--- Brief ---
Among the entries below, find every line that has "color" and pull it out.

Records excerpted from a collection
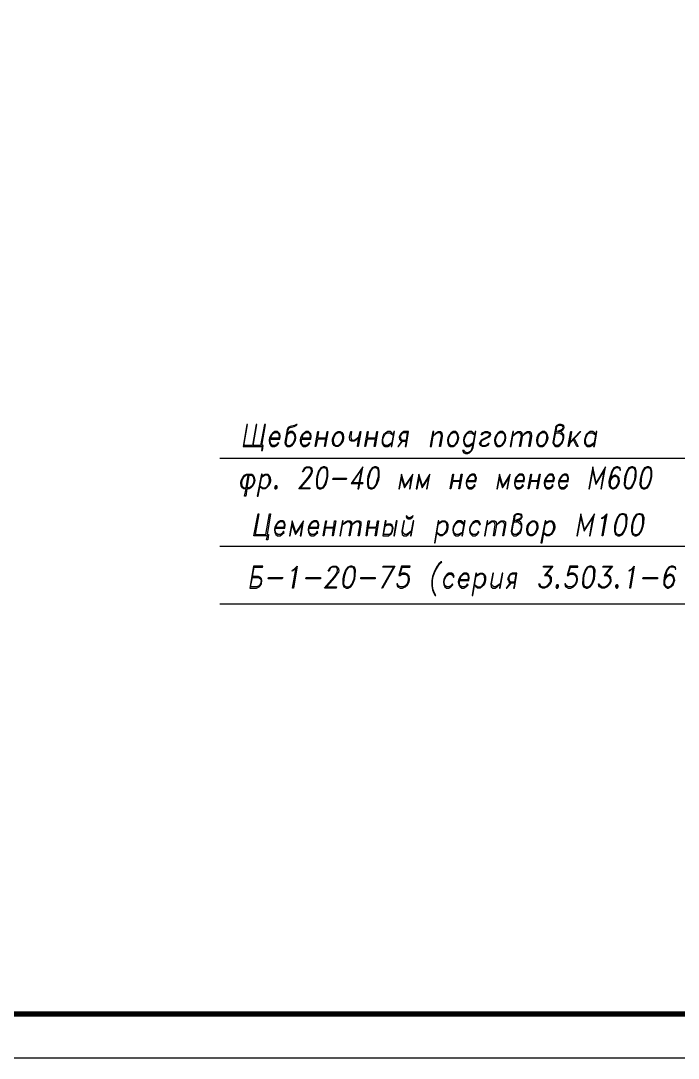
# Model space of a CAD drawing. Header units: millimetres. Extents: x 4241 to 6572, y 870 to 1291.
# Drawn here: x 5439.4 to 5513.9, y 870.7 to 988.3 of the extents above; entities that cross this region are included whole.
import ezdxf
from ezdxf.enums import TextEntityAlignment as Align

# ---------------------------------------------------------------- set-up
doc = ezdxf.new("R2010")
doc.units = ezdxf.units.MM
doc.layers.add('_Штамп_рамка', color=7, linetype='Continuous')
doc.layers.add('PDF _0', color=7, linetype='Continuous')
doc.styles.add('Romans_2.5', font='romans.shx', dxfattribs={"width": 0.75, "height": 2.5})

# ---------------------------------------------------------------- blocks, each defined once
blk = doc.blocks.new('*U779')
blk.add_lwpolyline([(0, 0), (0, 420), (1189, 420), (1189, 0), (0, 0)])
at = {"const_width": 0.6}
blk.add_lwpolyline([(20, 5), (20, 415), (1184, 415), (1184, 5), (20, 5)], dxfattribs=at)
at = {"style": 'Romans_2.5', "width": 0.75}
blk.add_attdef('ФОРМАТ', text='', height=2.5, dxfattribs=at).set_placement((1149, 2.5), align=Align.MIDDLE_LEFT)

msp = doc.modelspace()

# ---------------------------------------------------------------- linework, layer by layer
at = {"layer": 'PDF _0', "lineweight": 25}
for points in [[(5462.0137, 922.1792), (5532.4164, 922.1792), (5532.4164, 965.53), (5533.0091, 966.546), (5533.6018, 965.4877)], [(5469.7609, 942.0342), (5469.9726, 942.1612), (5470.4383, 942.2882), (5470.65, 942.3728), (5470.777, 942.4999), (5470.6923, 942.4999), (5470.4806, 942.3728), (5469.9726, 942.2882), (5469.7609, 942.1612), (5469.6339, 941.9072), (5469.3799, 940.4678), (5469.4222, 940.2561), (5469.5069, 940.1291), (5469.6763, 940.0021), (5469.9726, 940.0021), (5470.1843, 940.1291), (5470.3959, 940.3831), (5470.5653, 940.7218), (5470.6076, 940.9758), (5470.5653, 941.3145), (5470.4383, 941.5685), (5470.2689, 941.6955), (5469.9726, 941.6955), (5469.7609, 941.5685), (5469.6339, 941.4415), (5469.7186, 941.7802), (5469.8456, 942.1612)], [(5500.9193, 942.2882), (5500.6653, 942.3728), (5500.369, 942.3728), (5500.0303, 942.1612)], [(5500.1573, 942.2882), (5500.0726, 941.6955), (5500.369, 941.7802), (5500.6653, 941.9072), (5501.004, 942.1612)], [(5500.877, 942.0342), (5500.9193, 942.1612), (5500.8347, 942.3728)], [(5492.283, 940.1291), (5492.41, 940.3831), (5492.4947, 940.3831), (5492.3677, 940.1291), (5492.0714, 940.0021), (5491.775, 940.0021), (5491.521, 940.1291), (5491.4363, 940.3831), (5491.4787, 940.4678), (5491.6057, 940.7218), (5491.8174, 940.8488), (5492.3254, 941.1028), (5492.537, 941.1875)], [(5491.8597, 941.5685), (5491.6903, 941.3145), (5491.6057, 941.3145), (5491.7327, 941.5685), (5492.0714, 941.6955), (5492.3254, 941.6955), (5492.6217, 941.5685), (5492.664, 941.3145), (5492.537, 941.1028), (5492.3254, 940.9758), (5491.8174, 940.7218), (5491.6057, 940.5948)], [(5492.5794, 941.4415), (5492.3254, 941.5685), (5492.029, 941.5685), (5491.7327, 941.4415)], [(5492.41, 941.1028), (5492.5794, 941.3145), (5492.4947, 941.5685)], [(5502.1047, 940.9758), (5502.6127, 940.0021), (5502.4434, 940.0021), (5502.02, 940.8488)], [(5491.521, 940.2561), (5491.775, 940.1291), (5492.0714, 940.1291), (5492.3677, 940.2561)], [(5491.6903, 940.7218), (5491.5633, 940.4678), (5491.5633, 940.3831), (5491.6057, 940.1291)], [(5462.0137, 938.6897), (5532.4164, 938.6897)], [(5471.0733, 935.3029), (5472.2163, 935.3029), (5472.2163, 935.2183), (5470.9463, 935.2183), (5471.9623, 936.4036), (5472.2163, 936.7423), (5472.3433, 936.9963), (5472.3857, 937.208), (5472.3433, 937.462), (5472.174, 937.589), (5471.8353, 937.589), (5471.6237, 937.462), (5471.4966, 937.208), (5471.4543, 937.1233), (5471.3696, 937.1233), (5471.412, 937.208), (5471.539, 937.462), (5471.6237, 937.589), (5471.8353, 937.716), (5472.2163, 937.716), (5472.3433, 937.589), (5472.428, 937.462), (5472.4703, 937.208), (5472.428, 936.9963), (5472.301, 936.7423), (5472.047, 936.4036), (5471.031, 935.2183)], [(5473.5287, 937.589), (5473.2747, 937.208), (5473.063, 936.6153), (5473.0207, 936.2766), (5473.0207, 935.684), (5473.1054, 935.3029)], [(5474.1214, 937.462), (5473.8674, 937.589), (5473.6981, 937.589), (5473.4017, 937.462)], [(5473.6557, 935.3029), (5473.9097, 935.684), (5474.0791, 936.2766), (5474.1637, 936.6153), (5474.1637, 937.208), (5474.0367, 937.589)], [(5476.9578, 935.811), (5478.0162, 937.335), (5477.6352, 935.2183), (5477.7622, 935.2183), (5478.1855, 937.716), (5476.8732, 935.811), (5478.1855, 935.811), (5478.2279, 935.8956), (5476.9578, 935.8956)], [(5479.3286, 937.589), (5479.0746, 937.208), (5478.9052, 936.6153), (5478.8206, 936.2766), (5478.8206, 935.684), (5478.9052, 935.3029)], [(5479.9213, 937.462), (5479.6673, 937.589), (5479.4979, 937.589), (5479.2016, 937.462)], [(5479.4556, 935.3029), (5479.7096, 935.684), (5479.8789, 936.2766), (5479.9636, 936.6153), (5479.9636, 937.208), (5479.8789, 937.589)], [(5507.2696, 937.589), (5507.3119, 937.335), (5507.3966, 937.335), (5507.3542, 937.589), (5507.1002, 937.716), (5506.9309, 937.716), (5506.6345, 937.589), (5506.4229, 937.208), (5506.2112, 936.6153), (5506.0842, 936.0226), (5506.1265, 935.5569), (5506.2535, 935.3029), (5506.5075, 935.2183), (5506.5922, 935.2183), (5506.8885, 935.3029), (5507.1002, 935.5569), (5507.2272, 935.8956), (5507.2696, 936.0226), (5507.2272, 936.4036), (5507.1002, 936.6153), (5506.8462, 936.7423), (5506.7615, 936.7423), (5506.4652, 936.6153), (5506.2535, 936.4036)], [(5506.7192, 937.589), (5506.5075, 937.208), (5506.2959, 936.6153), (5506.2112, 936.0226), (5506.2112, 935.5569), (5506.4229, 935.3029)], [(5507.3542, 937.462), (5507.1002, 937.589), (5506.9309, 937.589), (5506.6345, 937.462)], [(5508.4126, 937.589), (5508.2009, 937.208), (5507.9892, 936.6153), (5507.9469, 936.2766), (5507.9046, 935.684), (5508.0316, 935.3029)], [(5509.0476, 937.462), (5508.7936, 937.589), (5508.6243, 937.589), (5508.3279, 937.462)], [(5508.5819, 935.3029), (5508.7936, 935.684), (5509.0053, 936.2766), (5509.0476, 936.6153), (5509.09, 937.208), (5508.9629, 937.589)], [(5510.233, 937.589), (5509.979, 937.208), (5509.7673, 936.6153), (5509.725, 936.2766), (5509.6826, 935.684), (5509.8096, 935.3029)], [(5510.8257, 937.462), (5510.5717, 937.589), (5510.4023, 937.589), (5510.106, 937.462)], [(5510.36, 935.3029), (5510.614, 935.684), (5510.7833, 936.2766), (5510.868, 936.6153), (5510.868, 937.208), (5510.741, 937.589)], [(5507.1849, 936.1496), (5507.1002, 936.4883), (5506.8462, 936.6153), (5506.7615, 936.6153), (5506.4652, 936.4883), (5506.2112, 936.1496)], [(5506.6345, 936.6153), (5506.3382, 936.4036), (5506.2112, 936.0226)], [(5506.6769, 935.3029), (5507.0155, 935.5569), (5507.1426, 935.8956), (5507.1849, 936.0226), (5507.1426, 936.4036), (5506.9309, 936.6153)], [(5473.063, 935.4299), (5473.317, 935.3029), (5473.4864, 935.3029), (5473.7827, 935.4299)], [(5478.8629, 935.4299), (5479.1169, 935.3029), (5479.2863, 935.3029), (5479.5826, 935.4299)], [(5506.1688, 935.811), (5506.2535, 935.4299), (5506.5075, 935.3029), (5506.5922, 935.3029), (5506.8885, 935.4299), (5507.1426, 935.811)], [(5507.9469, 935.4299), (5508.2009, 935.3029), (5508.3703, 935.3029), (5508.6666, 935.4299)], [(5509.7673, 935.4299), (5509.979, 935.3029), (5510.1907, 935.3029), (5510.4447, 935.4299)], [(5496.1778, 932.1702), (5495.9238, 932.2972), (5495.6275, 932.2972), (5495.2888, 932.0432)], [(5495.4158, 932.1702), (5495.3311, 931.5775), (5495.6275, 931.7045), (5495.9238, 931.7891), (5496.2625, 932.0432)], [(5496.1355, 931.9162), (5496.1778, 932.0432), (5496.0932, 932.2972)], [(5507.3542, 932.2972), (5507.1002, 931.9162), (5506.8885, 931.3235), (5506.8462, 930.9848), (5506.8039, 930.3921), (5506.9309, 930.0111)], [(5507.9892, 932.1702), (5507.7352, 932.2972), (5507.5236, 932.2972), (5507.2272, 932.1702)], [(5507.5236, 930.0111), (5507.7776, 930.3921), (5507.9892, 930.9848), (5508.0316, 931.3235), (5508.0316, 931.9162), (5507.9046, 932.2972)], [(5509.2593, 932.2972), (5509.0053, 931.9162), (5508.7936, 931.3235), (5508.7513, 930.9848), (5508.7089, 930.3921), (5508.8359, 930.0111)], [(5509.8943, 932.1702), (5509.6403, 932.2972), (5509.4286, 932.2972), (5509.1323, 932.1702)], [(5509.4286, 930.0111), (5509.6826, 930.3921), (5509.8943, 930.9848), (5509.9366, 931.3235), (5509.9366, 931.9162), (5509.8096, 932.2972)], [(5506.8885, 930.1381), (5507.1426, 930.0111), (5507.3119, 930.0111), (5507.6506, 930.1381)], [(5508.7936, 930.1381), (5509.0476, 930.0111), (5509.217, 930.0111), (5509.5556, 930.1381)], [(5462.0137, 928.6987), (5532.4164, 928.6987)], [(5473.9944, 924.0842), (5475.2221, 924.0842), (5475.1798, 923.9572), (5473.8674, 923.9572), (5474.9258, 925.1426), (5475.1798, 925.5236), (5475.3068, 925.7353), (5475.3491, 925.9893), (5475.3068, 926.2433), (5475.1374, 926.328), (5474.7564, 926.328), (5474.5448, 926.2433), (5474.4177, 925.9893), (5474.3754, 925.8623), (5474.2907, 925.8623), (5474.3331, 925.9893), (5474.4601, 926.2433), (5474.5871, 926.328), (5474.7988, 926.455), (5475.1798, 926.455), (5475.3491, 926.328), (5475.3915, 926.2433), (5475.4761, 925.9893), (5475.4338, 925.7353), (5475.2644, 925.5236), (5475.0104, 925.1426), (5473.9521, 923.9572)], [(5476.5768, 926.328), (5476.3228, 925.9893), (5476.1111, 925.3966), (5476.0688, 925.0156), (5476.0265, 924.4229), (5476.1535, 924.0842)], [(5477.2118, 926.2433), (5476.9578, 926.328), (5476.7462, 926.328), (5476.4498, 926.2433)], [(5476.7462, 924.0842), (5477.0002, 924.4229), (5477.2118, 925.0156), (5477.2542, 925.3966), (5477.2542, 925.9893), (5477.1272, 926.328)], [(5481.6993, 926.328), (5480.4716, 926.328), (5480.514, 926.455), (5481.8263, 926.455), (5480.4293, 923.9572), (5480.3446, 923.9572), (5481.7417, 926.455)], [(5483.3081, 924.5499), (5483.054, 924.2112), (5482.7577, 924.0842), (5482.4614, 924.0842), (5482.2074, 924.2112), (5482.1227, 924.4229), (5482.038, 924.4229), (5482.0803, 924.2112), (5482.165, 924.0842), (5482.419, 923.9572), (5482.7154, 923.9572), (5483.0117, 924.0842), (5483.2657, 924.3382), (5483.4351, 924.6769), (5483.4774, 924.9309), (5483.4351, 925.2696), (5483.2657, 925.5236), (5483.0117, 925.6506), (5482.7154, 925.6506), (5482.419, 925.5236), (5482.673, 926.328), (5483.5197, 926.328), (5483.5621, 926.455), (5482.5884, 926.455), (5482.292, 925.3966), (5482.419, 925.3966), (5482.6307, 925.5236), (5483.0117, 925.5236), (5483.2657, 925.3966), (5483.3927, 925.0156)], [(5499.607, 926.328), (5498.6756, 926.328), (5498.6756, 926.455), (5499.734, 926.455), (5498.8873, 925.3966)], [(5499.6493, 926.455), (5498.8026, 925.3966), (5499.0566, 925.3966), (5499.3529, 925.2696), (5499.48, 924.9309)], [(5502.3587, 924.5499), (5502.1047, 924.2112), (5501.8084, 924.0842), (5501.512, 924.0842), (5501.258, 924.2112), (5501.1733, 924.4229), (5501.0887, 924.4229), (5501.131, 924.2112), (5501.2157, 924.0842), (5501.4697, 923.9572), (5501.766, 923.9572), (5502.0624, 924.0842), (5502.3164, 924.3382), (5502.4857, 924.6769), (5502.5281, 924.9309), (5502.4857, 925.2696), (5502.3164, 925.5236), (5502.0624, 925.6506), (5501.766, 925.6506), (5501.4697, 925.5236), (5501.7237, 926.328), (5502.5704, 926.328), (5502.5704, 926.455), (5501.639, 926.455), (5501.3427, 925.3966), (5501.4697, 925.3966), (5501.639, 925.5236), (5502.02, 925.5236), (5502.3164, 925.3966), (5502.4434, 925.0156)], [(5503.7134, 926.328), (5503.4594, 925.9893), (5503.2477, 925.3966), (5503.2054, 925.0156), (5503.2054, 924.4229), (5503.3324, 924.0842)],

--- Result of the exercise ---
doc.layers.add('_Штамп_рамка', color=7, linetype='Continuous')
doc.layers.add('PDF _0', color=7, linetype='Continuous')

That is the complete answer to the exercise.